# Welches Handy kaufen???



## Pat1810 (2. August 2011)

Moin Moin,

ich möchte mir gerne ende des Jahres ein neues Handy kaufen. Ich kann mich aber noch nicht richtig entscheiden welchen ich nehme. Ich wollte maximal 350€ ausgeben. Weniger wäre natürlich schöner. Habe mal ein wenig gegooglet und kame zu diesen: HTC Desire Z ... HTC Incredible S ... HTC Desire HD ... Samsung Nexus S ... HTC Desire S ... Motorola Defy ... HTC HD7 ... Samsung Galaxy S und Samung Galaxy Ace.
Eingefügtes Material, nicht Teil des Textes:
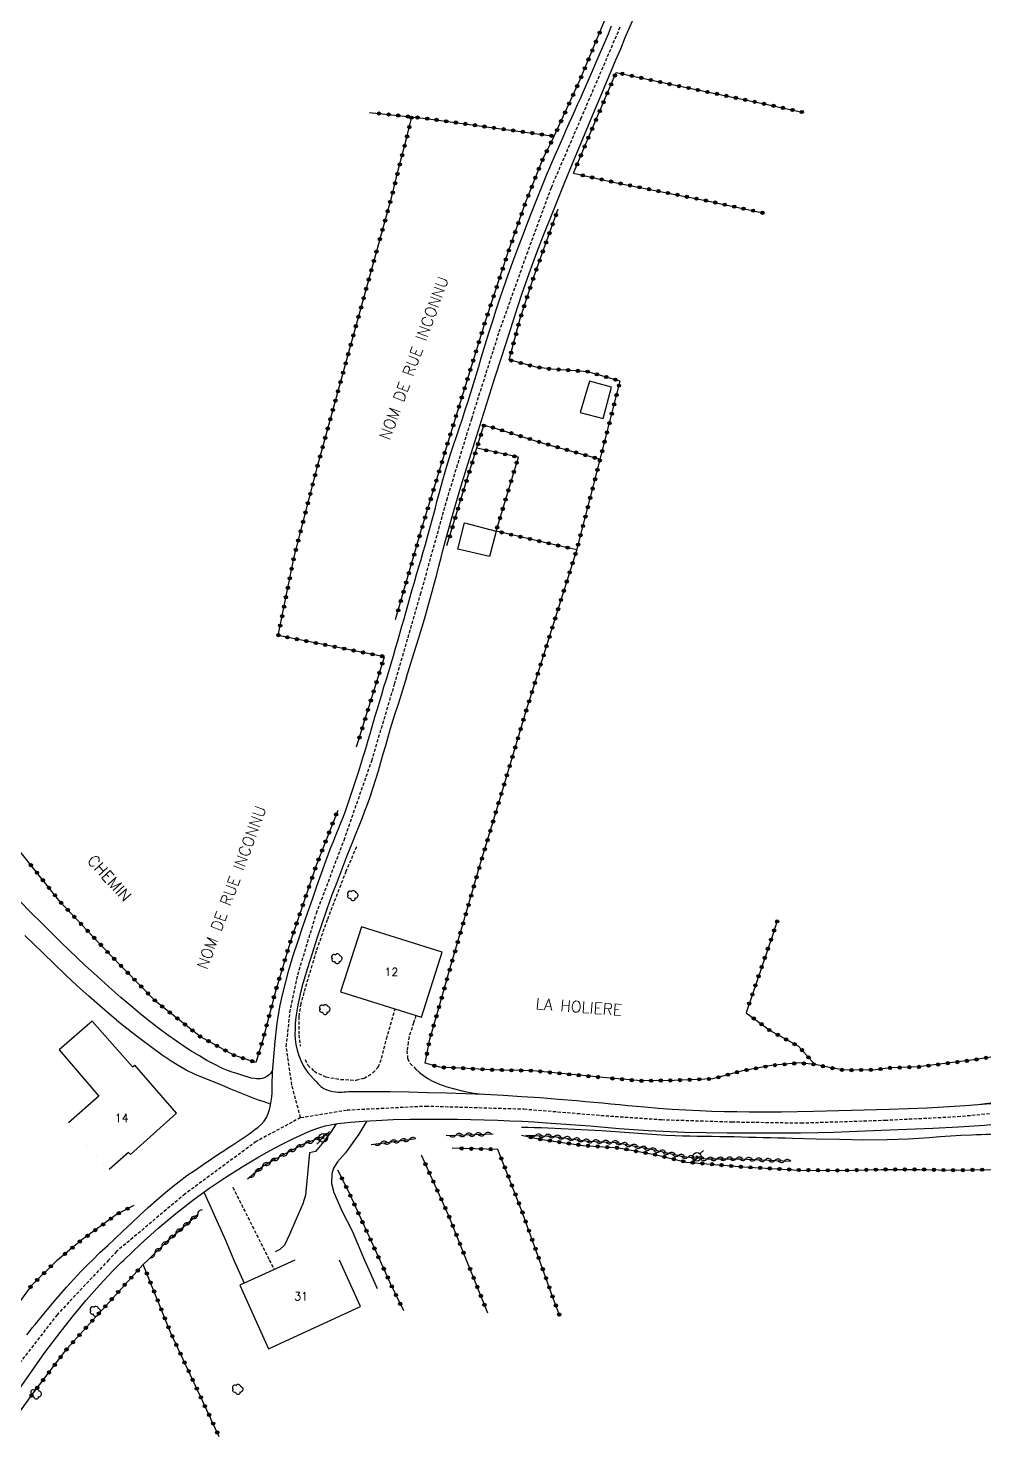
# Model space of a CAD drawing. Header units: millimetres. Extents: x 221515 to 222000, y 61000 to 61848.
# Drawn here: x 221850.5 to 222000, y 61143.2 to 61362.3 of the extents above; entities that cross this region are included whole.
import ezdxf
from ezdxf.enums import TextEntityAlignment as Align

# ---------------------------------------------------------------- set-up
doc = ezdxf.new("R2010")
doc.units = ezdxf.units.MM
doc.linetypes.add('DASHED', pattern=[0.75, 0.5, -0.25])
doc.layers.get('0').update_dxf_attribs({"linetype": 'CONTINUOUS'})
for name, color, linetype in [('W0001', 6, 'DASHED'), ('W0008', 7, 'CONTINUOUS'), ('W0017', 7, 'CONTINUOUS'), ('W0071', 7, 'CONTINUOUS'), ('W0101', 7, 'CONTINUOUS'), ('W0104', 1, 'CONTINUOUS'), ('W0112', 1, 'DASHED'), ('W0214', 2, 'CONTINUOUS'), ('W0300', 7, 'CONTINUOUS'), ('W0310', 3, 'CONTINUOUS'), ('W0322', 7, 'CONTINUOUS'), ('W0323', 7, 'CONTINUOUS'), ('W0473', 7, 'CONTINUOUS'), ('W0989', 7, 'CONTINUOUS'), ('W0991', 7, 'CONTINUOUS')]:
    doc.layers.add(name, color=color, linetype=linetype)
doc.styles.get("Standard").update_dxf_attribs({"font": 'romans.shx', "width": 0.85})

# ---------------------------------------------------------------- blocks, each defined once
blk = doc.blocks.new('T473')
for p, q in [((-0.166667, 0.166667), (0.166667, -0.166667)), ((-0.166667, -0.166667), (0.166667, 0.166667)), ((0.500001, 0.500001), (1.000002, 1.000002)), ((-1.000002, -1.000002), (-0.500001, -0.500001))]:
    blk.add_line(p, q)
blk.add_ellipse((0, 0), major_axis=(0.471405, 0.471405), ratio=1, start_param=5.4977871438, end_param=11.780972451)
blk = doc.blocks.new('T300')
for p, q in [((-0.8, 0.51), (-0.86, 0.34)), ((-0.86, 0.34), (-0.86, 0.17)), ((-0.86, 0.17), (-0.74, 0.06)), ((-0.69, 0.63), (-0.8, 0.51)), ((-0.8, -0.06), (-0.74, 0.06)), ((-0.74, 0.06), (-0.69, 0.11)), ((-0.57, 0.69), (-0.69, 0.63)), ((-0.46, 0.69), (-0.57, 0.69)), ((-0.29, 0.63), (-0.46, 0.69)), ((-0.29, 0.63), (-0.17, 0.74)), ((-0.23, 0.57), (-0.29, 0.63)), ((-0.17, 0.74), (-0.06, 0.8)), ((-0.06, 0.8), (0.06, 0.8)), ((0.06, 0.8), (0.23, 0.74)), ((0.23, 0.74), (0.34, 0.63)), ((0.34, 0.63), (0.4, 0.51)), ((0.46, 0.46), (0.34, 0.46)), ((0.4, 0.51), (0.4, 0.46)), ((0.57, 0.4), (0.46, 0.46)), ((0.57, 0.4), (0.69, 0.29)), ((0.69, 0.29), (0.74, 0.17)), ((0.74, 0.06), (0.69, -0.17)), ((0.74, 0.17), (0.74, 0.06)), ((-0.8, -0.17), (-0.8, -0.06)), ((-0.8, -0.23), (-0.8, -0.17)), ((-0.74, -0.34), (-0.8, -0.23)), ((-0.69, -0.4), (-0.74, -0.34)), ((-0.51, -0.46), (-0.69, -0.4)), ((-0.4, -0.46), (-0.51, -0.46)), ((-0.4, -0.46), (-0.34, -0.46)), ((-0.34, -0.46), (-0.34, -0.4)), ((-0.34, -0.51), (-0.34, -0.46)), ((-0.29, -0.63), (-0.34, -0.51)), ((-0.17, -0.74), (-0.29, -0.63)), ((-0.06, -0.8), (-0.17, -0.74)), ((0.06, -0.8), (-0.06, -0.8)), ((0.17, -0.74), (0.06, -0.8)), ((0.23, -0.69), (0.17, -0.74)), ((0.29, -0.46), (0.23, -0.46)), ((0.29, -0.63), (0.23, -0.69)), ((0.46, -0.4), (0.29, -0.46)), ((0.34, -0.51), (0.29, -0.63)), ((0.34, -0.51), (0.34, -0.46)), ((0.57, -0.34), (0.46, -0.4)), ((0.63, -0.29), (0.57, -0.34)), ((0.69, -0.17), (0.63, -0.29))]:
    blk.add_line(p, q)
blk = doc.blocks.new('t323o')
at = {"color": 0, "linetype": 'Continuous'}
for radius in [0.25, 0.15]:
    blk.add_circle((0, 0), radius, dxfattribs=at)
blk = doc.blocks.new('t310o')
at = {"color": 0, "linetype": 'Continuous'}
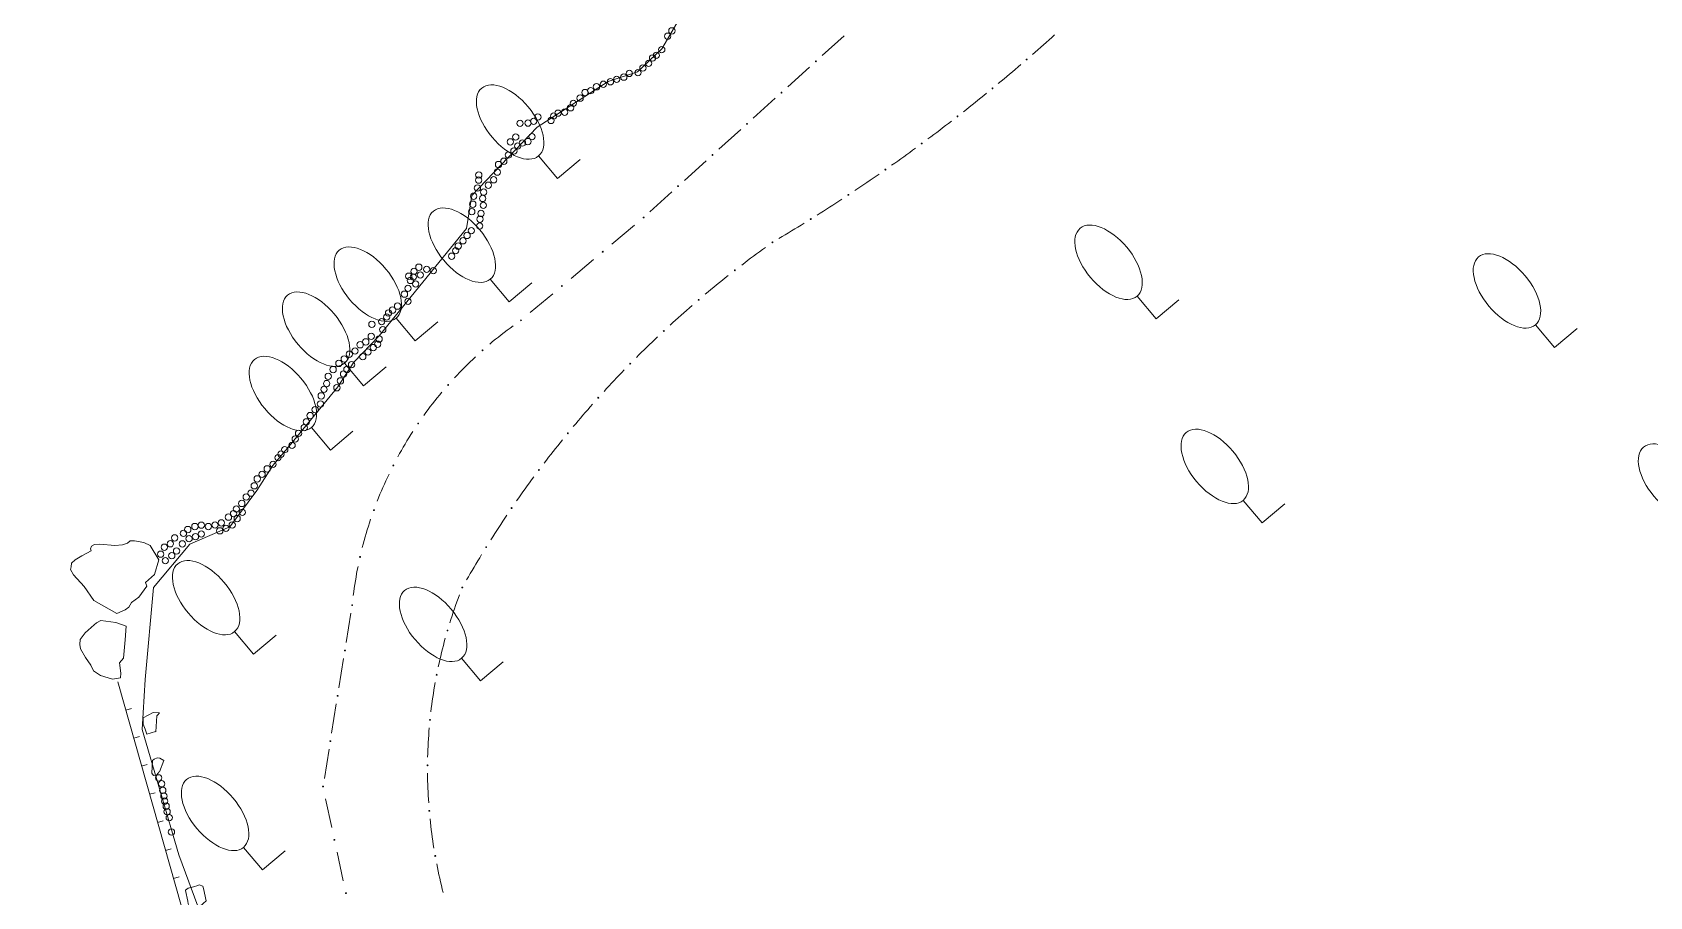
# Model space of a CAD drawing. Header units: metres. Extents: x -10443 to -4073, y -33280 to -26846.
# Drawn here: x -7925.81 to -7898.43, y -29526.97 to -29512.33 of the extents above; entities that cross this region are included whole.
import ezdxf

# ---------------------------------------------------------------- set-up
doc = ezdxf.new("R2010")
doc.units = ezdxf.units.M
doc.header["$MEASUREMENT"] = 0
doc.linetypes.add('CONTINUOUS_1', pattern=[0])
doc.linetypes.add('CONTINUOUS_2', pattern=[0])
for name, color, linetype, lineweight in [('園路', 241, 'CONTINUOUS_2', 18), ('木', 254, 'CONTINUOUS_2', 18), ('木材', 241, 'CONTINUOUS_2', 18), ('石', 241, 'CONTINUOUS_2', 18), ('護岸', 241, 'CONTINUOUS_2', 18)]:
    doc.layers.add(name, color=color, linetype=linetype, lineweight=lineweight)

msp = doc.modelspace()

# ---------------------------------------------------------------- hatches: boundary and pattern name
at = {"layer": '園路', "linetype": 'CONTINUOUS_1', "lineweight": 18}
for points in [[(-7912.536, -29512.82, 1), (-7912.551, -29512.82, 1)], [(-7908.968, -29512.79, 1), (-7908.983, -29512.79, 1)], [(-7913.12, -29513.349, 1), (-7913.135, -29513.349, 1)], [(-7909.548, -29513.279, 1), (-7909.563, -29513.279, 1)], [(-7910.14, -29513.753, 1), (-7910.155, -29513.753, 1)], [(-7913.703, -29513.878, 1), (-7913.718, -29513.878, 1)], [(-7910.744, -29514.212, 1), (-7910.759, -29514.212, 1)], [(-7914.287, -29514.406, 1), (-7914.302, -29514.406, 1)], [(-7911.36, -29514.654, 1), (-7911.375, -29514.654, 1)], [(-7914.87, -29514.935, 1), (-7914.885, -29514.935, 1)], [(-7911.987, -29515.081, 1), (-7912.002, -29515.081, 1)], [(-7915.453, -29515.464, 1), (-7915.468, -29515.464, 1)], [(-7912.625, -29515.492, 1), (-7912.64, -29515.492, 1)], [(-7913.273, -29515.885, 1), (-7913.288, -29515.885, 1)], [(-7916.145, -29516.045, 1), (-7916.16, -29516.045, 1)], [(-7913.908, -29516.359, 1), (-7913.923, -29516.359, 1)], [(-7916.837, -29516.625, 1), (-7916.852, -29516.625, 1)], [(-7914.522, -29516.86, 1), (-7914.537, -29516.86, 1)], [(-7917.529, -29517.206, 1), (-7917.544, -29517.206, 1)], [(-7915.112, -29517.387, 1), (-7915.127, -29517.387, 1)], [(-7918.181, -29517.714, 1), (-7918.196, -29517.714, 1)], [(-7915.679, -29517.94, 1), (-7915.694, -29517.94, 1)], [(-7918.764, -29518.3, 1), (-7918.779, -29518.3, 1)], [(-7916.221, -29518.517, 1), (-7916.236, -29518.517, 1)], [(-7919.27, -29518.953, 1), (-7919.285, -29518.953, 1)], [(-7916.738, -29519.118, 1), (-7916.753, -29519.118, 1)], [(-7919.691, -29519.663, 1), (-7919.706, -29519.663, 1)], [(-7917.227, -29519.741, 1), (-7917.242, -29519.741, 1)], [(-7920.021, -29520.421, 1), (-7920.036, -29520.421, 1)], [(-7917.688, -29520.385, 1), (-7917.703, -29520.385, 1)], [(-7918.121, -29521.048, 1), (-7918.136, -29521.048, 1)], [(-7920.254, -29521.213, 1), (-7920.269, -29521.213, 1)], [(-7918.524, -29521.73, 1), (-7918.539, -29521.73, 1)], [(-7920.387, -29522.029, 1), (-7920.402, -29522.029, 1)], [(-7918.775, -29522.459, 1), (-7918.79, -29522.459, 1)], [(-7920.511, -29522.797, 1), (-7920.526, -29522.797, 1)], [(-7918.957, -29523.208, 1), (-7918.972, -29523.208, 1)], [(-7920.634, -29523.565, 1), (-7920.649, -29523.565, 1)], [(-7919.07, -29523.971, 1), (-7919.085, -29523.971, 1)], [(-7920.758, -29524.332, 1), (-7920.773, -29524.332, 1)], [(-7919.112, -29524.742, 1), (-7919.127, -29524.742, 1)], [(-7920.882, -29525.1, 1), (-7920.897, -29525.1, 1)], [(-7919.082, -29525.512, 1), (-7919.097, -29525.512, 1)], [(-7920.688, -29526.003, 1), (-7920.703, -29526.003, 1)], [(-7918.982, -29526.277, 1), (-7918.997, -29526.277, 1)], [(-7920.495, -29526.906, 1), (-7920.51, -29526.906, 1)]]:
    msp.add_hatch(color=241, dxfattribs=at).paths.add_polyline_path(points, flags=0)

# ---------------------------------------------------------------- linework, layer by layer
at = {"layer": '園路', "color": 1, "linetype": 'CONTINUOUS_1', "lineweight": 18}
for p, q in [((-7912.437, -29512.724), (-7912.067, -29512.388)), ((-7913.021, -29513.252), (-7912.65, -29512.917)), ((-7913.604, -29513.781), (-7913.234, -29513.445)), ((-7914.188, -29514.31), (-7913.817, -29513.974)), ((-7914.771, -29514.839), (-7914.401, -29514.503)), ((-7915.354, -29515.368), (-7914.984, -29515.032)), ((-7915.998, -29515.915), (-7915.615, -29515.594)), ((-7916.69, -29516.496), (-7916.307, -29516.174)), ((-7917.382, -29517.076), (-7916.999, -29516.755)), ((-7920.496, -29522.66), (-7920.417, -29522.166)), ((-7920.62, -29523.427), (-7920.54, -29522.934)), ((-7924.23, -29523.806), (-7924.133, -29523.778)), ((-7920.743, -29524.195), (-7920.664, -29523.702)), ((-7924.095, -29524.281), (-7923.999, -29524.254)), ((-7920.867, -29524.963), (-7920.787, -29524.47)), ((-7923.961, -29524.757), (-7923.864, -29524.729)), ((-7923.826, -29525.232), (-7923.73, -29525.205)), ((-7920.74, -29525.796), (-7920.845, -29525.307)), ((-7923.692, -29525.708), (-7923.595, -29525.68)), ((-7923.557, -29526.183), (-7923.461, -29526.156)), ((-7920.547, -29526.699), (-7920.651, -29526.21)), ((-7923.423, -29526.658), (-7923.326, -29526.631))]:
    msp.add_line(p, q, dxfattribs=at)
at = {"layer": '園路', "color": 1, "linetype": 'CONTINUOUS_1', "lineweight": 18, "flags": 128}
msp.add_lwpolyline([(-7920.6, -29533.586), (-7920.814, -29532.61), (-7921.049, -29531.649), (-7921.296, -29530.664), (-7923.288, -29527.134), (-7924.364, -29523.33)], dxfattribs=at)
at = {"layer": '園路', "color": 1, "linetype": 'CONTINUOUS_1', "lineweight": 18}
for centre in [(-7912.544, -29512.82), (-7908.976, -29512.79), (-7913.127, -29513.349), (-7909.555, -29513.279), (-7910.147, -29513.753), (-7913.711, -29513.878), (-7910.752, -29514.212), (-7914.294, -29514.406), (-7911.367, -29514.654), (-7914.878, -29514.935), (-7911.994, -29515.081), (-7915.461, -29515.464), (-7912.632, -29515.492), (-7913.281, -29515.885), (-7916.153, -29516.045), (-7913.916, -29516.359), (-7916.845, -29516.625), (-7914.529, -29516.86), (-7917.537, -29517.206), (-7915.12, -29517.387), (-7918.188, -29517.714), (-7915.687, -29517.94), (-7918.771, -29518.3), (-7916.229, -29518.517), (-7919.278, -29518.953), (-7916.745, -29519.118), (-7919.699, -29519.663), (-7917.234, -29519.741), (-7920.028, -29520.421), (-7917.696, -29520.385), (-7918.128, -29521.048), (-7920.262, -29521.213), (-7918.531, -29521.73), (-7920.395, -29522.029), (-7918.782, -29522.459), (-7920.518, -29522.797), (-7918.965, -29523.208), (-7920.642, -29523.565), (-7919.078, -29523.971), (-7920.765, -29524.332), (-7919.119, -29524.742), (-7920.889, -29525.1), (-7919.09, -29525.512), (-7920.696, -29526.003), (-7918.989, -29526.277), (-7920.502, -29526.906)]:
    msp.add_circle(centre, 0.0075, dxfattribs=at)
for centre, radius, start, end in [((-7928.18, -29490.621), 29.331, 311.1535, 312.1303), ((-7928.18, -29490.621), 29.331, 309.6718, 310.6485), ((-7928.18, -29490.621), 29.331, 308.1901, 309.1668), ((-7928.18, -29490.621), 29.331, 306.7084, 307.6851), ((-7928.18, -29490.621), 29.331, 305.2266, 306.2034), ((-7928.18, -29490.621), 29.331, 303.7449, 304.7216), ((-7928.18, -29490.621), 29.331, 302.2632, 303.2399), ((-7928.18, -29490.621), 29.331, 300.7815, 301.7582), ((-7902.849, -29530.536), 17.985, 125.9158, 127.5086), ((-7902.849, -29530.536), 17.985, 128.439, 130.0319), ((-7902.849, -29530.536), 17.985, 130.9623, 132.5552), ((-7913.782, -29522.689), 6.646, 125.8158, 130.1265), ((-7902.849, -29530.536), 17.985, 133.4856, 135.0785), ((-7913.782, -29522.689), 6.646, 132.9431, 137.2539), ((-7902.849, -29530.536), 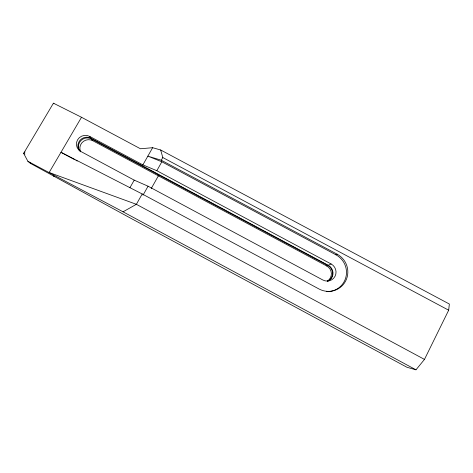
<?xml version="1.0" encoding="UTF-8"?>
<svg xmlns="http://www.w3.org/2000/svg" width="473" height="473" viewBox="0 0 473 473"><rect width="100%" height="100%" fill="white"/><g stroke="black" fill="none" stroke-linecap="round" stroke-linejoin="round"><path stroke-width="0.71" d="M448.676 310.205L449.35 304.027L160.672 149.988L152.643 147.7L140.457 148.764L81.504 117.269L53.431 103.185L23.65 153.382L27.913 161.334L30.473 163.386L126.805 216.114L406.946 367.261L415.98 369.815L424.47 359.409L448.676 310.205L162.795 157.533L160.672 149.988M326.441 291.599A19.742 19.369 49 0 0 345.887 277.255A19.742 19.369 49 0 0 335.901 254.793L161.849 161.784L147.854 156.131L161.275 160.223L337.125 254.178A19.949 19.57 48.9 0 1 345.645 281.003A19.949 19.57 48.9 0 1 319.039 289.003L142.213 193.977L136.372 204.312L123.051 211.815L27.913 161.334M161.275 160.223L162.795 157.533M142.988 195.201L148.067 186.208L322.811 279.981A9.164 8.993 49 0 0 335.032 276.303A9.164 8.993 49 0 0 331.13 263.981L156.823 170.694L142.881 164.888L89.639 136.384A8.875 8.567 -18.9 0 0 77.572 139.825A8.875 8.567 -18.9 0 0 80.848 151.484L134.226 180.136L148.067 186.208M156.823 170.694L161.849 161.784M151.206 188.585L158.431 175.761M129.921 187.71L134.226 180.136M142.881 164.888L152.643 147.7M81.504 117.269L49.139 172.503L136.372 204.312L424.47 359.409M25.028 151.934L23.65 153.382L24.951 154.086M335.901 254.793L337.125 254.178M79.612 150.775A8.745 8.449 -19 0 1 80.96 140.516A8.745 8.449 -19 0 1 91.472 138.914L92.767 140.7L326.66 265.95L327.795 265.448A8.892 8.733 49.4 0 1 327.511 281.269M89.639 136.384L90.97 138.222L328.238 265.258L331.13 263.981M53.283 175.968L54.643 176.518M142.213 193.977L60.976 152.3L74.622 159.638M91.472 138.914L327.795 265.448M75.922 160.335L77.223 161.033M123.051 211.815L415.98 369.815M53.431 103.185L53.916 103.806M29.775 162.186L30.473 163.386M80.682 151.809A8.656 8.366 -19 0 1 92.767 140.7M326.66 265.95A8.798 8.644 49.5 0 1 327.369 281.074M328.238 265.258A8.928 8.768 49.4 0 1 327.417 281.358M79.701 151.041A8.78 8.479 -19 0 1 80.032 140.25A8.78 8.479 -19 0 1 90.97 138.222"/></g></svg>

Vielleicht hat einer von euch eins dieser Handys und kann es Empfehlen. 

Ich danke schon mal im Vorraus ... ^^

MFG Pat1810


----------



## Koyote (2. August 2011)

Also das HTC Desire HD kann ich nur wärmstens Empfehlen, habe es selber und es ist einfach ein Traum


----------



## HAWX (2. August 2011)

Koyote schrieb:
			
		

> Also das HTC Desire HD kann ich nur wärmstens Empfehlen, habe es selber und es ist einfach ein Traum



Ja da würde ich Tim zustimmen.
Sonst finde ich das Desire S noch ganz gut


----------



## Pat1810 (2. August 2011)

Wie ich sehe seid ihr für HTC mit Android, was auch meine Richtung wäre, das sind ja auch gute Handy aber was ist mit Win7 als Betreibssystem oder Samsung mit Android???


----------



## HAWX (2. August 2011)

Pat1810 schrieb:
			
		

> Wie ich sehe seid ihr für HTC mit Android, was auch meine Richtung wäre, das sind ja auch gute Handy aber was ist mit Win7 als Betreibssystem oder Samsung mit Android???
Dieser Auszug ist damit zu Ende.